Soybean Market Update | February 2023

Feb 14, 2023

Soybean Market Update
Article Provided by: Scotty Yerges

Soybean bulls should have optimism after reading South America’s production on the February world agricultural supply and demand estimates (WASDE) report. The USDA lowered Argentina’s soybeans production by 4.5 million metric tons (MMT) to 41 MMT and cut exports by 1.5 MMT. Argentina’s Rosario Grain Exchange estimates soybean production at 34.5 MMT, well below the USDA number. The USDA left Brazil’s soybean production at 153 MMT, when some traders believed the number would increase. Lower world ending stocks from the January report also helped support the market. 

Soybean bears saw some numbers to support their position in the February WASDE report as well, most notably an increase in U.S. soybeans ending stocks. This increase from January’s estimate was driven by a decrease in soybean crush by 15 million bushels. It is also important to note Brazil’s increase in soybean exports by 1 MMT. Foreign markets are looking to Brazil as a cheaper market than the U.S. and it is showing in the U.S. export sales report. Soybean exports are down 38% from last week and down 49% from the last four week’s average. 


As we move into the late spring and summer months, the weather pattern is expected to change from a La Nina pattern where the Southern Hemisphere is wetter to a more neutral pattern and then begin shifting to an El Nino pattern where the Northern Hemisphere is wetter. Will a good production year be able to refill the tight stocks from a year ago? What will a big U.S. soybean crop do to the market when the foreign market is looking elsewhere? Having a marketing plan in place to protect profit for the 2023 crop year is very important. 
Here is a dryland soybean profitability matrix for 2023 soybeans with an APH of 30 bu/ac with a coverage level of 80%. There are opportunities to lock in profit at current 2023 prices and other options available to lock in a floor in the market. 

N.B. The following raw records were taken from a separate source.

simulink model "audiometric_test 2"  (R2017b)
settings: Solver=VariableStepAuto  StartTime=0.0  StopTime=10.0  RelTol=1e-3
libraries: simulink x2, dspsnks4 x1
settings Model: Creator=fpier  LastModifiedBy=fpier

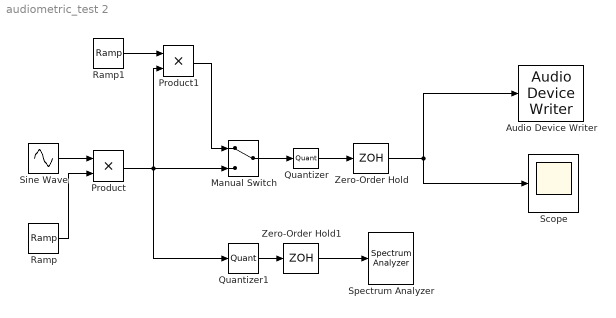
== system audiometric_test 2 ==
  Audio Device Writer : dspsnks4/Audio Device Writer  Driver=DirectSound  Device=Default  InheritSampleRate=on  SampleRate=44100  BitDepth=16-bit integer  BufferSize=4096  NumBuffers=10  DefaultOutputChannelMapping=on  OutputChannelMapping=1:2  OutputNumUnderrunSamples=off  DriverIdx=1  DeviceWarnFlag=''
  Manual Switch : ManualSwitch
  Product : Product
  Product1 : Product
  Quantizer : Quantizer  QuantizationInterval=0.0001
  Quantizer1 : Quantizer  QuantizationInterval=0.0001
  Ramp : simulink/Sources/Ramp  slope=2.5  start=0  X0=0
  Ramp1 : simulink/Sources/Ramp  slope=0.00001  start=0  X0=0
  Scope : Scope
  Sine Wave : Sin  Amplitude=0.0002  Frequency=2*pi*8000  SampleTime=1/44100
  Spectrum Analyzer : SpectrumAnalyzer
  Zero-Order Hold : ZeroOrderHold  SampleTime=-1
  Zero-Order Hold1 : ZeroOrderHold  SampleTime=-1
  wires:
  Quantizer/1 -> Zero-Order Hold/1
  Zero-Order Hold/1 -> Scope/1, Audio Device Writer/1
  Product/1 -> Product1/2, Quantizer1/1, Manual Switch/2
  Manual Switch/1 -> Quantizer/1
  Sine Wave/1 -> Product/1
  Ramp/1 -> Product/2
  Quantizer1/1 -> Zero-Order Hold1/1
  Zero-Order Hold1/1 -> Spectrum Analyzer/1
  Ramp1/1 -> Product1/1
  Product1/1 -> Manual Switch/1

Locking in profitability during periods of high input prices is critical to farm success. High prices typically cure high prices. The best way to lock in profitability is to do a hedge to arrive (HTA) contract. This will lock in the futures price and keep basis and delivery location open. After 2022, end users are in demand for grain and their best opportunity to buy it will be during harvest. Locking in a profitable futures level with basis upside is a good strategy to ensure profitability. Buying a put option will lock in a profitable floor with unlimited futures upside. This contract will have an investment, but being able to capture upside in the market will be beneficial if prices rise again this year.